··· AVAILABLE RECORDS ···

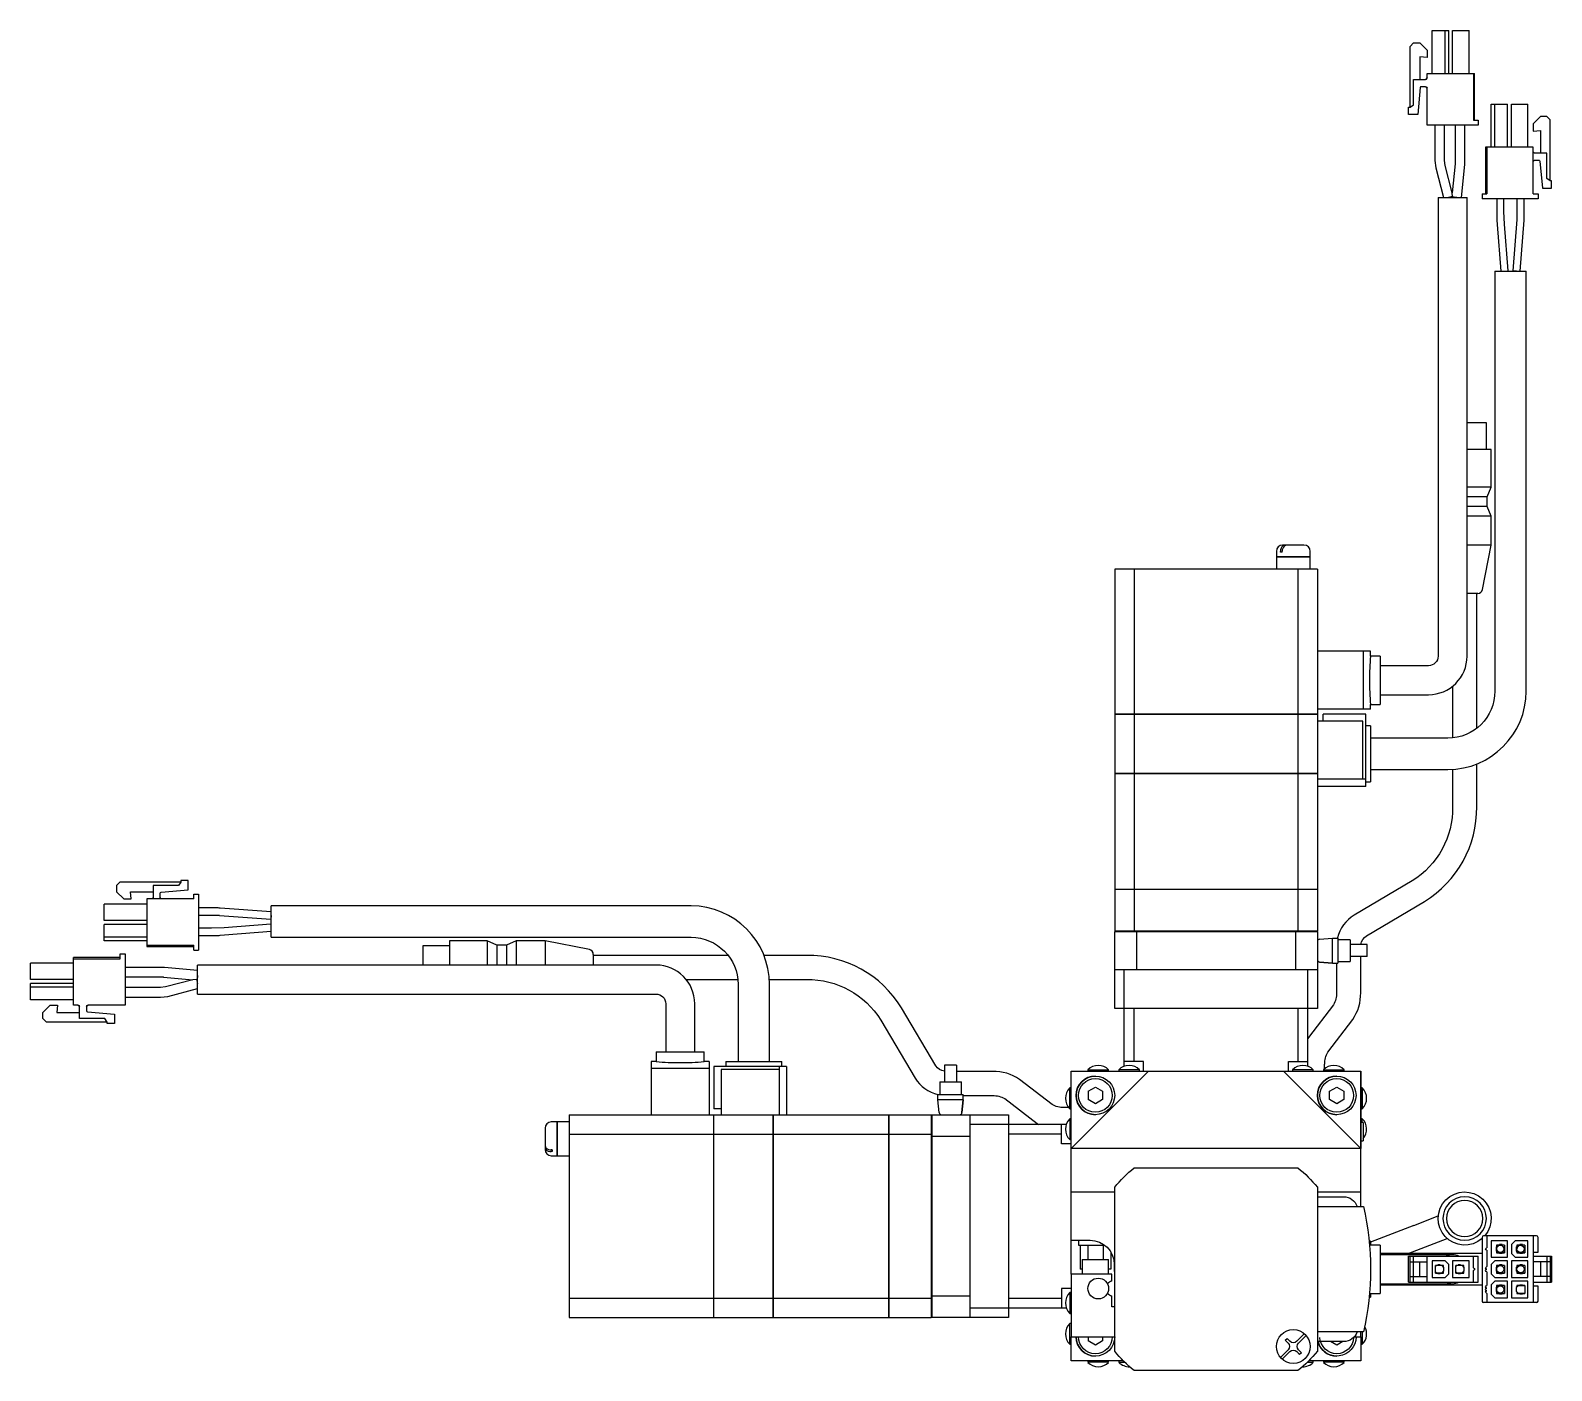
# Model space of a CAD drawing. Extents: x 0 to 1293, y -8 to 999.
# Drawn here: x 312.8 to 627.9, y 721.8 to 999.4 of the extents above; entities that cross this region are included whole.
import ezdxf

# ---------------------------------------------------------------- set-up
doc = ezdxf.new("R2010")
doc.units = 0
doc.header["$LTSCALE"] = 0.5
doc.layers.add('MSM_CONTINUOUS', color=7, linetype='CONTINUOUS')

msp = doc.modelspace()

# ---------------------------------------------------------------- linework, layer by layer
at = {"layer": 'MSM_CONTINUOUS'}
for p, q in [((603.15, 990.48), (603.15, 999.38)), ((603.15, 990.48), (603.15, 999.38)), ((603.15, 999.38), (606.55, 999.38)), ((605.8, 990.48), (605.8, 999.38)), ((606.55, 990.48), (606.55, 999.38)), ((607.35, 990.48), (607.35, 999.38)), ((607.35, 990.48), (607.35, 999.38)), ((607.35, 999.38), (610.75, 999.38)), ((610.75, 990.48), (610.75, 999.38)), ((598.55, 996.08), (599.25, 996.78)), ((598.55, 996.08), (599.25, 996.78)), ((598.55, 983.48), (598.55, 996.08)), ((598.55, 983.48), (598.55, 996.08)), ((599.25, 996.78), (600.55, 996.78)), ((600.55, 996.78), (602.05, 995.28)), ((602.05, 993.78), (600.55, 993.91)), ((600.55, 993.91), (600.55, 989.23)), ((602.05, 993.78), (600.55, 993.91)), ((602.05, 995.28), (602.05, 993.78)), ((602.05, 989.53), (602.05, 990.48)), ((602.05, 990.48), (611.9, 990.48)), ((602.05, 989.53), (602.05, 990.48)), ((602.05, 989.53), (602.05, 989.53)), ((611.65, 990.48), (611.65, 980.78)), ((611.9, 980.78), (611.9, 990.48)), ((599.25, 983.98), (599.25, 989.23)), ((599.25, 989.23), (601.75, 989.23)), ((599.25, 983.98), (599.25, 989.23)), ((600.65, 987.55), (600.17, 981.98)), ((601.75, 987.73), (600.85, 987.73)), ((602.05, 987.44), (602.05, 987.43)), ((602.05, 979.78), (602.05, 987.43)), ((602.05, 979.78), (602.05, 987.43)), ((598.25, 981.98), (598.25, 983.48)), ((598.25, 983.48), (598.55, 983.48)), ((598.25, 981.98), (598.25, 983.48)), ((598.55, 983.48), (599.25, 983.98)), ((598.55, 983.48), (599.25, 983.98)), ((615.35, 975.23), (615.35, 984.13)), ((615.35, 984.13), (618.75, 984.13)), ((616.1, 975.23), (616.1, 984.13)), ((618.75, 975.23), (618.75, 984.13)), ((619.55, 975.23), (619.55, 984.13)), ((619.55, 984.13), (622.95, 984.13)), ((622.95, 975.23), (622.95, 984.13)), ((600.17, 981.98), (598.25, 981.98)), ((611.65, 980.78), (612.65, 980.78)), ((612.65, 980.78), (612.65, 979.78)), ((625.55, 981.53), (624.05, 980.03)), ((624.05, 980.03), (624.05, 978.53)), ((626.85, 981.53), (625.55, 981.53)), ((627.55, 980.83), (626.85, 981.53)), ((627.55, 968.23), (627.55, 980.83)), ((612.65, 979.78), (602.05, 979.78)), ((603.68, 979.78), (603.68, 972.42)), ((605.68, 972.42), (605.68, 979.78)), ((607.88, 979.78), (607.88, 971.88)), ((609.88, 971.88), (609.88, 979.78)), ((624.05, 978.53), (625.55, 978.66)), ((625.55, 978.66), (625.55, 973.98)), ((624.05, 975.23), (614.2, 975.23)), ((614.2, 975.23), (614.2, 965.53)), ((614.45, 975.23), (614.45, 965.53)), ((624.05, 965.53), (624.05, 975.23)), ((626.85, 973.98), (624.35, 973.98)), ((626.85, 968.73), (626.85, 973.98)), ((603.68, 972.42), (603.87, 970.91)), ((603.87, 970.91), (605.47, 964.78)), ((605.81, 971.41), (605.68, 972.42)), ((607.29, 965.73), (605.81, 971.41)), ((607.87, 971.78), (607.29, 965.73)), ((607.88, 971.88), (607.87, 971.78)), ((609.21, 964.78), (609.86, 971.59)), ((609.86, 971.59), (609.88, 971.88)), ((624.35, 972.48), (625.25, 972.48)), ((625.45, 972.3), (625.94, 966.73)), ((627.55, 968.23), (626.85, 968.73)), ((627.85, 968.23), (627.55, 968.23)), ((627.85, 966.73), (627.85, 968.23)), ((604.35, 964.78), (610.35, 964.78)), ((604.35, 964.78), (604.35, 869.78)), ((607.35, 965), (606.5, 964.78)), ((607.22, 964.97), (607.21, 964.88)), ((608.2, 964.78), (607.21, 964.88)), ((607.35, 965), (607.29, 965.73)), ((610.35, 869.78), (610.35, 964.78)), ((613.45, 965.53), (613.45, 964.53)), ((613.45, 965.53), (614.45, 965.53)), ((625.05, 964.53), (613.45, 964.53)), ((616.48, 964.53), (616.48, 960.93)), ((617.98, 961.9), (617.98, 964.53)), ((620.68, 964.53), (620.68, 960.91)), ((622.18, 960.91), (622.18, 964.53)), ((624.05, 965.53), (625.05, 965.53)), ((625.05, 965.53), (625.05, 964.53)), ((625.94, 966.73), (627.85, 966.73)), ((618.08, 959.27), (617.98, 961.9)), ((616.51, 960.08), (616.59, 959.15)), ((616.59, 959.15), (617.35, 949.53)), ((618.85, 949.59), (618.08, 959.27)), ((620.65, 960.21), (619.86, 949.59)), ((621.36, 949.53), (622.15, 960.1)), ((616.1, 949.53), (622.6, 949.53)), ((616.1, 949.53), (616.1, 862.53)), ((620.6, 949.53), (619.86, 949.59)), ((619.86, 949.59), (619.88, 949.53)), ((622.6, 862.53), (622.6, 949.53)), ((614.35, 918.08), (610.35, 918.08)), ((614.35, 912.58), (614.35, 918.08)), ((615.35, 912.58), (610.35, 912.58)), ((615.35, 904.79), (615.35, 912.58)), ((615.35, 904.79), (610.35, 904.79)), ((614.5, 902.79), (615.35, 904.79)), ((614.5, 902.79), (610.35, 902.79)), ((614.5, 900.79), (614.5, 902.79)), ((614.5, 900.79), (610.35, 900.79)), ((615.35, 898.79), (610.35, 898.79)), ((615.35, 898.79), (614.5, 900.79)), ((615.35, 892.78), (615.35, 898.79)), ((576.55, 892.78), (572.15, 892.78)), ((615.35, 892.78), (610.35, 892.78)), ((613.55, 883.59), (615.35, 892.78)), ((570.85, 891.48), (570.85, 890.33)), ((577.85, 890.33), (570.85, 890.33)), ((570.85, 890.28), (570.85, 887.78)), ((577.85, 890.28), (570.85, 890.28)), ((570.9, 890.33), (570.9, 890.28)), ((571.71, 891.28), (571.71, 891.48)), ((572.06, 891.28), (571.71, 891.28)), ((572.06, 891.28), (572.06, 891.48)), ((577.8, 890.28), (577.8, 890.33)), ((577.85, 890.33), (577.85, 891.48)), ((577.85, 887.78), (577.85, 890.28)), ((579.35, 887.78), (537.35, 887.78)), ((537.35, 887.78), (537.35, 857.83)), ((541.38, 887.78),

···

## WHAT THE TASK REQUIRES
Pictures do not belong in the copy. Reproduce the rest of the data exactly.

## RESPONSE BELOW
# Model space of a CAD drawing. Extents: x 0 to 1293, y -8 to 999.
# Drawn here: x 312.8 to 627.9, y 721.8 to 999.4 of the extents above; entities that cross this region are included whole.
import ezdxf

# ---------------------------------------------------------------- set-up
doc = ezdxf.new("R2010")
doc.units = 0
doc.header["$LTSCALE"] = 0.5
doc.layers.add('MSM_CONTINUOUS', color=7, linetype='CONTINUOUS')

msp = doc.modelspace()

# ---------------------------------------------------------------- linework, layer by layer
at = {"layer": 'MSM_CONTINUOUS'}
for p, q in [((603.15, 990.48), (603.15, 999.38)), ((603.15, 990.48), (603.15, 999.38)), ((603.15, 999.38), (606.55, 999.38)), ((605.8, 990.48), (605.8, 999.38)), ((606.55, 990.48), (606.55, 999.38)), ((607.35, 990.48), (607.35, 999.38)), ((607.35, 990.48), (607.35, 999.38)), ((607.35, 999.38), (610.75, 999.38)), ((610.75, 990.48), (610.75, 999.38)), ((598.55, 996.08), (599.25, 996.78)), ((598.55, 996.08), (599.25, 996.78)), ((598.55, 983.48), (598.55, 996.08)), ((598.55, 983.48), (598.55, 996.08)), ((599.25, 996.78), (600.55, 996.78)), ((600.55, 996.78), (602.05, 995.28)), ((602.05, 993.78), (600.55, 993.91)), ((600.55, 993.91), (600.55, 989.23)), ((602.05, 993.78), (600.55, 993.91)), ((602.05, 995.28), (602.05, 993.78)), ((602.05, 989.53), (602.05, 990.48)), ((602.05, 990.48), (611.9, 990.48)), ((602.05, 989.53), (602.05, 990.48)), ((602.05, 989.53), (602.05, 989.53)), ((611.65, 990.48), (611.65, 980.78)), ((611.9, 980.78), (611.9, 990.48)), ((599.25, 983.98), (599.25, 989.23)), ((599.25, 989.23), (601.75, 989.23)), ((599.25, 983.98), (599.25, 989.23)), ((600.65, 987.55), (600.17, 981.98)), ((601.75, 987.73), (600.85, 987.73)), ((602.05, 987.44), (602.05, 987.43)), ((602.05, 979.78), (602.05, 987.43)), ((602.05, 979.78), (602.05, 987.43)), ((598.25, 981.98), (598.25, 983.48)), ((598.25, 983.48), (598.55, 983.48)), ((598.25, 981.98), (598.25, 983.48)), ((598.55, 983.48), (599.25, 983.98)), ((598.55, 983.48), (599.25, 983.98)), ((615.35, 975.23), (615.35, 984.13)), ((615.35, 984.13), (618.75, 984.13)), ((616.1, 975.23), (616.1, 984.13)), ((618.75, 975.23), (618.75, 984.13)), ((619.55, 975.23), (619.55, 984.13)), ((619.55, 984.13), (622.95, 984.13)), ((622.95, 975.23), (622.95, 984.13)), ((600.17, 981.98), (598.25, 981.98)), ((611.65, 980.78), (612.65, 980.78)), ((612.65, 980.78), (612.65, 979.78)), ((625.55, 981.53), (624.05, 980.03)), ((624.05, 980.03), (624.05, 978.53)), ((626.85, 981.53), (625.55, 981.53)), ((627.55, 980.83), (626.85, 981.53)), ((627.55, 968.23), (627.55, 980.83)), ((612.65, 979.78), (602.05, 979.78)), ((603.68, 979.78), (603.68, 972.42)), ((605.68, 972.42), (605.68, 979.78)), ((607.88, 979.78), (607.88, 971.88)), ((609.88, 971.88), (609.88, 979.78)), ((624.05, 978.53), (625.55, 978.66)), ((625.55, 978.66), (625.55, 973.98)), ((624.05, 975.23), (614.2, 975.23)), ((614.2, 975.23), (614.2, 965.53)), ((614.45, 975.23), (614.45, 965.53)), ((624.05, 965.53), (624.05, 975.23)), ((626.85, 973.98), (624.35, 973.98)), ((626.85, 968.73), (626.85, 973.98)), ((603.68, 972.42), (603.87, 970.91)), ((603.87, 970.91), (605.47, 964.78)), ((605.81, 971.41), (605.68, 972.42)), ((607.29, 965.73), (605.81, 971.41)), ((607.87, 971.78), (607.29, 965.73)), ((607.88, 971.88), (607.87, 971.78)), ((609.21, 964.78), (609.86, 971.59)), ((609.86, 971.59), (609.88, 971.88)), ((624.35, 972.48), (625.25, 972.48)), ((625.45, 972.3), (625.94, 966.73)), ((627.55, 968.23), (626.85, 968.73)), ((627.85, 968.23), (627.55, 968.23)), ((627.85, 966.73), (627.85, 968.23)), ((604.35, 964.78), (610.35, 964.78)), ((604.35, 964.78), (604.35, 869.78)), ((607.35, 965), (606.5, 964.78)), ((607.22, 964.97), (607.21, 964.88)), ((608.2, 964.78), (607.21, 964.88)), ((607.35, 965), (607.29, 965.73)), ((610.35, 869.78), (610.35, 964.78)), ((613.45, 965.53), (613.45, 964.53)), ((613.45, 965.53), (614.45, 965.53)), ((625.05, 964.53), (613.45, 964.53)), ((616.48, 964.53), (616.48, 960.93)), ((617.98, 961.9), (617.98, 964.53)), ((620.68, 964.53), (620.68, 960.91)), ((622.18, 960.91), (622.18, 964.53)), ((624.05, 965.53), (625.05, 965.53)), ((625.05, 965.53), (625.05, 964.53)), ((625.94, 966.73), (627.85, 966.73)), ((618.08, 959.27), (617.98, 961.9)), ((616.51, 960.08), (616.59, 959.15)), ((616.59, 959.15), (617.35, 949.53)), ((618.85, 949.59), (618.08, 959.27)), ((620.65, 960.21), (619.86, 949.59)), ((621.36, 949.53), (622.15, 960.1)), ((616.1, 949.53), (622.6, 949.53)), ((616.1, 949.53), (616.1, 862.53)), ((620.6, 949.53), (619.86, 949.59)), ((619.86, 949.59), (619.88, 949.53)), ((622.6, 862.53), (622.6, 949.53)), ((614.35, 918.08), (610.35, 918.08)), ((614.35, 912.58), (614.35, 918.08)), ((615.35, 912.58), (610.35, 912.58)), ((615.35, 904.79), (615.35, 912.58)), ((615.35, 904.79), (610.35, 904.79)), ((614.5, 902.79), (615.35, 904.79)), ((614.5, 902.79), (610.35, 902.79)), ((614.5, 900.79), (614.5, 902.79)), ((614.5, 900.79), (610.35, 900.79)), ((615.35, 898.79), (610.35, 898.79)), ((615.35, 898.79), (614.5, 900.79)), ((615.35, 892.78), (615.35, 898.79)), ((576.55, 892.78), (572.15, 892.78)), ((615.35, 892.78), (610.35, 892.78)), ((613.55, 883.59), (615.35, 892.78)), ((570.85, 891.48), (570.85, 890.33)), ((577.85, 890.33), (570.85, 890.33)), ((570.85, 890.28), (570.85, 887.78)), ((577.85, 890.28), (570.85, 890.28)), ((570.9, 890.33), (570.9, 890.28)), ((571.71, 891.28), (571.71, 891.48)), ((572.06, 891.28), (571.71, 891.28)), ((572.06, 891.28), (572.06, 891.48)), ((577.8, 890.28), (577.8, 890.33)), ((577.85, 890.33), (577.85, 891.48)), ((577.85, 887.78), (577.85, 890.28)), ((579.35, 887.78), (537.35, 887.78)), ((537.35, 887.78), (537.35, 857.83)), ((541.38, 887.78),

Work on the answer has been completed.